First, extract the residuals and yhats from the model fit (fit3 in this instance). We could add them to the data frame containing the original variables for later potential use (although we can work with the newly created vectors directly here.
fit3.resid <- residuals(fit3)
fit3.pred <- predict(fit3)
#create a new data frame with the original variables plus the exracted residuals and yhats
cohen2 <- cbind(cohen1,fit3.resid,fit3.pred) #note that fit3.pred is the yhats
Examine the frequency histogram of the residuals. It looks only slightly positively skewed even though the original DV was somewhat skewed. The normality assumption may not be seriously violated.
Boxplots of the residuals and yhats are produced next, revealing one potential outlier in the yhats.
# boxplots
layout(matrix(c(1,2),1,2)) #optional 2graphs/page
boxplot(fit3.resid,xlab="Residuals",data=cohen2,col="lightgrey")
boxplot(fit3.pred, xlab="Yhat",data=cohen2,col="lightgrey")
Numerical summaries of the residuals and yhats are provided by the describe
function.
## vars n mean sd median trimmed mad min max range
## X1 1 62 0 7394.97 -341.27 -160.91 7519.46 -17133.14 17670.34 34803.48
## skew kurtosis se
## X1 0.22 -0.4 939.16
## vars n mean sd median trimmed mad min max range
## X1 1 62 54815.76 6286.59 53630.77 54275.57 4982.75 42497.52 79670.52 37173
## skew kurtosis se
## X1 1.13 2.45 798.4
Now that we have the yhat values available, we can do one more analysis that will be familiar.
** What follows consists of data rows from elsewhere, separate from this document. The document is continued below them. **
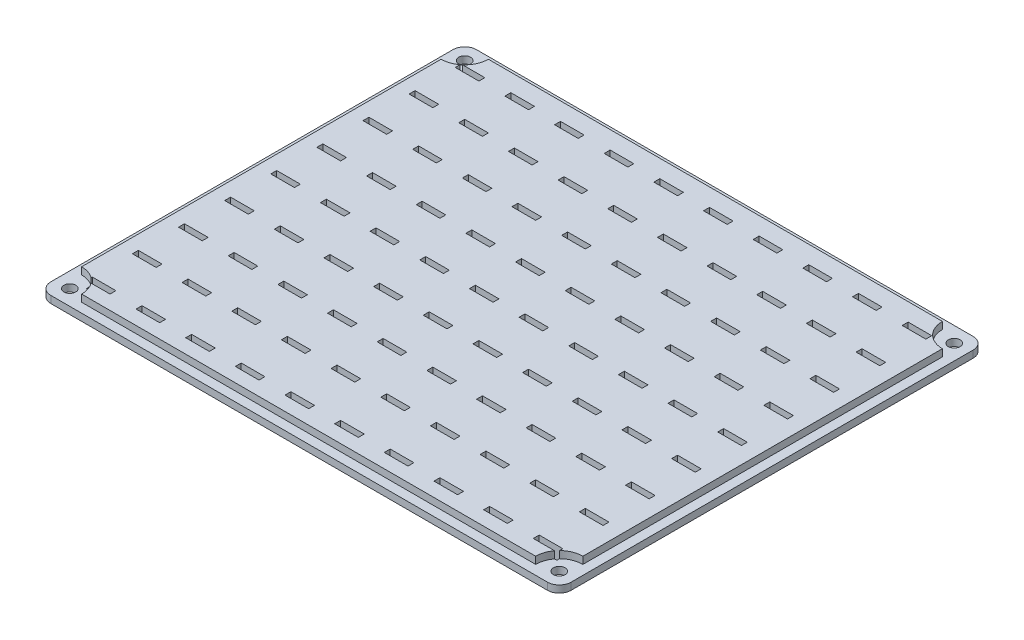
from build123d import *

# Parameters (mm, degrees)
SKETCH1_W           = 220
SKETCH1_H           = 180
BOSS_EXTRUDE1_DEPTH = 3
FILLET1_R           = 5
BOSS_EXTRUDE2_DEPTH = 3
SKETCH8_R           = 2.5
CUT_EXTRUDE3_DEPTH  = 285.269238575
SKETCH9_W           = 10
SKETCH9_H           = 2.5
CUT_EXTRUDE4_DEPTH  = 285.316724798


with BuildPart() as part:
    # Sketch1 → Boss-Extrude1 (new body)
    with BuildSketch(Plane(origin=(0, 0, 0), x_dir=(1, 0, 0), z_dir=(0, 1, 0))):
        with Locations((110, 90)):
            Rectangle(SKETCH1_W, SKETCH1_H)
    extrude(amount=BOSS_EXTRUDE1_DEPTH)

    # Fillet1
    fillet1_edges = [part.edges().sort_by_distance(p)[0] for p in [
        (0, 1.5, -180),
        (220, 1.5, -180),
        (220, 1.5, 0),
        (0, 1.5, 0),
    ]]
    fillet(fillet1_edges, radius=FILLET1_R)

    # Sketch7 → Boss-Extrude2 (add)
    with BuildSketch(Plane(origin=(0, 3, 0), x_dir=(1, 0, 0), z_dir=(0, 1, 0))):
        with BuildLine():
            Line((206, 176), (14, 176))
            ThreePointArc((14, 176), (11.071067812, 168.928932188), (4, 166))
            Line((4, 166), (4, 14))
            ThreePointArc((4, 14), (11.071067812, 11.071067812), (14, 4))
            Line((14, 4), (206, 4))
            ThreePointArc((206, 4), (208.928932188, 11.071067812), (216, 14))
            Line((216, 14), (216, 166))
            ThreePointArc((216, 166), (208.928932188, 168.928932188), (206, 176))
        make_face()
    extrude(amount=BOSS_EXTRUDE2_DEPTH)

    # Sketch8 → Cut-Extrude3 (cut, through all)
    with BuildSketch(Plane(origin=(0, 3, 0), x_dir=(1, 0, 0), z_dir=(0, 1, 0))):
        with Locations(Location((6.5, 173.5, 0), (0, 0, 270))):
            Circle(SKETCH8_R)
        with Locations(Location((213.5, 173.5, 0), (0, 0, 90))):
            Circle(SKETCH8_R)
        with Locations(Location((213.5, 6.5, 0), (0, 0, 270))):
            Circle(SKETCH8_R)
        with Locations(Location((6.5, 6.5, 0), (0, 0, 90))):
            Circle(SKETCH8_R)
    extrude(amount=-CUT_EXTRUDE3_DEPTH, mode=Mode.SUBTRACT)

    # Sketch9 → Cut-Extrude4 (cut, through all)
    with BuildSketch(Plane.XZ):
        with Locations((36, -11.25)):
            Rectangle(SKETCH9_W, SKETCH9_H)
        with Locations((15, -11.25)):
            Rectangle(SKETCH9_W, SKETCH9_H)
        with Locations((57, -11.25)):
            Rectangle(SKETCH9_W, SKETCH9_H)
        with Locations((78, -11.25)):
            Rectangle(SKETCH9_W, SKETCH9_H)
        with Locations((99, -11.25)):
            Rectangle(SKETCH9_W, SKETCH9_H)
        with Locations((120, -11.25)):
            Rectangle(SKETCH9_W, SKETCH9_H)
        with Locations((141, -11.25)):
            Rectangle(SKETCH9_W, SKETCH9_H)
        with Locations((162, -11.25)):
            Rectangle(SKETCH9_W, SKETCH9_H)
        with Locations((183, -11.25)):
            Rectangle(SKETCH9_W, SKETCH9_H)
        with Locations((204, -11.25)):
            Rectangle(SKETCH9_W, SKETCH9_H)
        with Locations((36, -30.75)):
            Rectangle(SKETCH9_W, SKETCH9_H)
        with Locations((57, -30.75)):
            Rectangle(SKETCH9_W, SKETCH9_H)
        with Locations((78, -30.75)):
            Rectangle(SKETCH9_W, SKETCH9_H)
        with Locations((99, -30.75)):
            Rectangle(SKETCH9_W, SKETCH9_H)
        with Locations((120, -30.75)):
            Rectangle(SKETCH9_W, SKETCH9_H)
        with Locations((141, -30.75)):
            Rectangle(SKETCH9_W, SKETCH9_H)
        with Locations((162, -30.75)):
            Rectangle(SKETCH9_W, SKETCH9_H)
        with Locations((183, -30.75)):
            Rectangle(SKETCH9_W, SKETCH9_H)
        with Locations((204, -30.75)):
            Rectangle(SKETCH9_W, SKETCH9_H)
        with Locations((36, -50.25)):
            Rectangle(SKETCH9_W, SKETCH9_H)
        with Locations((57, -50.25)):
            Rectangle(SKETCH9_W, SKETCH9_H)
        with Locations((78, -50.25)):
            Rectangle(SKETCH9_W, SKETCH9_H)
        with Locations((99, -50.25)):
            Rectangle(SKETCH9_W, SKETCH9_H)
        with Locations((120, -50.25)):
            Rectangle(SKETCH9_W, SKETCH9_H)
        with Locations((141, -50.25)):
            Rectangle(SKETCH9_W, SKETCH9_H)
        with Locations((162, -50.25)):
            Rectangle(SKETCH9_W, SKETCH9_H)
        with Locations((183, -50.25)):
            Rectangle(SKETCH9_W, SKETCH9_H)
        with Locations((204, -50.25)):
            Rectangle(SKETCH9_W, SKETCH9_H)
        with Locations((36, -69.75)):
            Rectangle(SKETCH9_W, SKETCH9_H)
        with Locations((57, -69.75)):
            Rectangle(SKETCH9_W, SKETCH9_H)
        with Locations((78, -69.75)):
            Rectangle(SKETCH9_W, SKETCH9_H)
        with Locations((99, -69.75)):
            Rectangle(SKETCH9_W, SKETCH9_H)
        with Locations((120, -69.75)):
            Rectangle(SKETCH9_W, SKETCH9_H)
        with Locations((141, -69.75)):
            Rectangle(SKETCH9_W, SKETCH9_H)
        with Locations((162, -69.75)):
            Rectangle(SKETCH9_W, SKETCH9_H)
        with Locations((183, -69.75)):
            Rectangle(SKETCH9_W, SKETCH9_H)
        with Locations((204, -69.75)):
            Rectangle(SKETCH9_W, SKETCH9_H)
        with Locations((36, -89.25)):
            Rectangle(SKETCH9_W, SKETCH9_H)
        with Locations((57, -89.25)):
            Rectangle(SKETCH9_W, SKETCH9_H)
        with Locations((78, -89.25)):
            Rectangle(SKETCH9_W, SKETCH9_H)
        with Locations((99, -89.25)):
            Rectangle(SKETCH9_W, SKETCH9_H)
        with Locations((120, -89.25)):
            Rectangle(SKETCH9_W, SKETCH9_H)
        with Locations((141, -89.25)):
            Rectangle(SKETCH9_W, SKETCH9_H)
        with Locations((162, -89.25)):
            Rectangle(SKETCH9_W, SKETCH9_H)
        with Locations((183, -89.25)):
            Rectangle(SKETCH9_W, SKETCH9_H)
        with Locations((204, -89.25)):
            Rectangle(SKETCH9_W, SKETCH9_H)
        with Locations((36, -108.75)):
            Rectangle(SKETCH9_W, SKETCH9_H)
        with Locations((57, -108.75)):
            Rectangle(SKETCH9_W, SKETCH9_H)
        with Locations((78, -108.75)):
            Rectangle(SKETCH9_W, SKETCH9_H)
        with Locations((99, -108.75)):
            Rectangle(SKETCH9_W, SKETCH9_H)
        with Locations((120, -108.75)):
            Rectangle(SKETCH9_W, SKETCH9_H)
        with Locations((141, -108.75)):
            Rectangle(SKETCH9_W, SKETCH9_H)
        with Locations((162, -108.75)):
            Rectangle(SKETCH9_W, SKETCH9_H)
        with Locations((183, -108.75)):
            Rectangle(SKETCH9_W, SKETCH9_H)
        with Locations((204, -108.75)):
            Rectangle(SKETCH9_W, SKETCH9_H)
        with Locations((36, -128.25)):
            Rectangle(SKETCH9_W, SKETCH9_H)
        with Locations((57, -128.25)):
            Rectangle(SKETCH9_W, SKETCH9_H)
        with Locations((78, -128.25)):
            Rectangle(SKETCH9_W, SKETCH9_H)
        with Locations((99, -128.25)):
            Rectangle(SKETCH9_W, SKETCH9_H)
        with Locations((120, -128.25)):
            Rectangle(SKETCH9_W, SKETCH9_H)
        with Locations((141, -128.25)):
            Rectangle(SKETCH9_W, SKETCH9_H)
        with Locations((162, -128.25)):
            Rectangle(SKETCH9_W, SKETCH9_H)
        with Locations((183, -128.25)):
            Rectangle(SKETCH9_W, SKETCH9_H)
        with Locations((204, -128.25)):
            Rectangle(SKETCH9_W, SKETCH9_H)
        with Locations((36, -147.75)):
            Rectangle(SKETCH9_W, SKETCH9_H)
        with Locations((57, -147.75)):
            Rectangle(SKETCH9_W, SKETCH9_H)
        with Locations((78, -147.75)):
            Rectangle(SKETCH9_W, SKETCH9_H)
        with Locations((99, -147.75)):
            Rectangle(SKETCH9_W, SKETCH9_H)
        with Locations((120, -147.75)):
            Rectangle(SKETCH9_W, SKETCH9_H)
        with Locations((141, -147.75)):
            Rectangle(SKETCH9_W, SKETCH9_H)
        with Locations((162, -147.75)):
            Rectangle(SKETCH9_W, SKETCH9_H)
        with Locations((183, -147.75)):
            Rectangle(SKETCH9_W, SKETCH9_H)
        with Locations((204, -147.75)):
            Rectangle(SKETCH9_W, SKETCH9_H)
        with Locations((36, -167.25)):
            Rectangle(SKETCH9_W, SKETCH9_H)
        with Locations((57, -167.25)):
            Rectangle(SKETCH9_W, SKETCH9_H)
        with Locations((78, -167.25)):
            Rectangle(SKETCH9_W, SKETCH9_H)
        with Locations((99, -167.25)):
            Rectangle(SKETCH9_W, SKETCH9_H)
        with Locations((120, -167.25)):
            Rectangle(SKETCH9_W, SKETCH9_H)
        with Locations((141, -167.25)):
            Rectangle(SKETCH9_W, SKETCH9_H)
        with Locations((162, -167.25)):
            Rectangle(SKETCH9_W, SKETCH9_H)
        with Locations((183, -167.25)):
            Rectangle(SKETCH9_W, SKETCH9_H)
        with Locations((204, -167.25)):
            Rectangle(SKETCH9_W, SKETCH9_H)
        with Locations((15, -30.75)):
            Rectangle(SKETCH9_W, SKETCH9_H)
        with Locations((15, -50.25)):
            Rectangle(SKETCH9_W, SKETCH9_H)
        with Locations((15, -69.75)):
            Rectangle(SKETCH9_W, SKETCH9_H)
        with Locations((15, -89.25)):
            Rectangle(SKETCH9_W, SKETCH9_H)
        with Locations((15, -108.75)):
            Rectangle(SKETCH9_W, SKETCH9_H)
        with Locations((15, -128.25)):
            Rectangle(SKETCH9_W, SKETCH9_H)
        with Locations((15, -147.75)):
            Rectangle(SKETCH9_W, SKETCH9_H)
        with Locations((15, -167.25)):
            Rectangle(SKETCH9_W, SKETCH9_H)
    extrude(amount=-CUT_EXTRUDE4_DEPTH, mode=Mode.SUBTRACT)


solid = part.part

If we correlate the yhats with salary (the DV), we find an interesting quantity, when we square it.
# correlate the original DV (salary) with the yhats from the two-IV linear model
r_y_yhat <- with(cohen2, cor(salary, fit3.pred))
r_y_yhat
## [1] 0.6477003
## [1] 0.4195157
When covering this characteristic at earlier points, it was emphasized that the yhats are the best linear combination of the IVs, and carry all the information about the predictability of the DV from those IVs. It is a core feature of regression that the relationship between the DV and the yhats reveals the strength of the prediciton, the multiple R (or R-squared).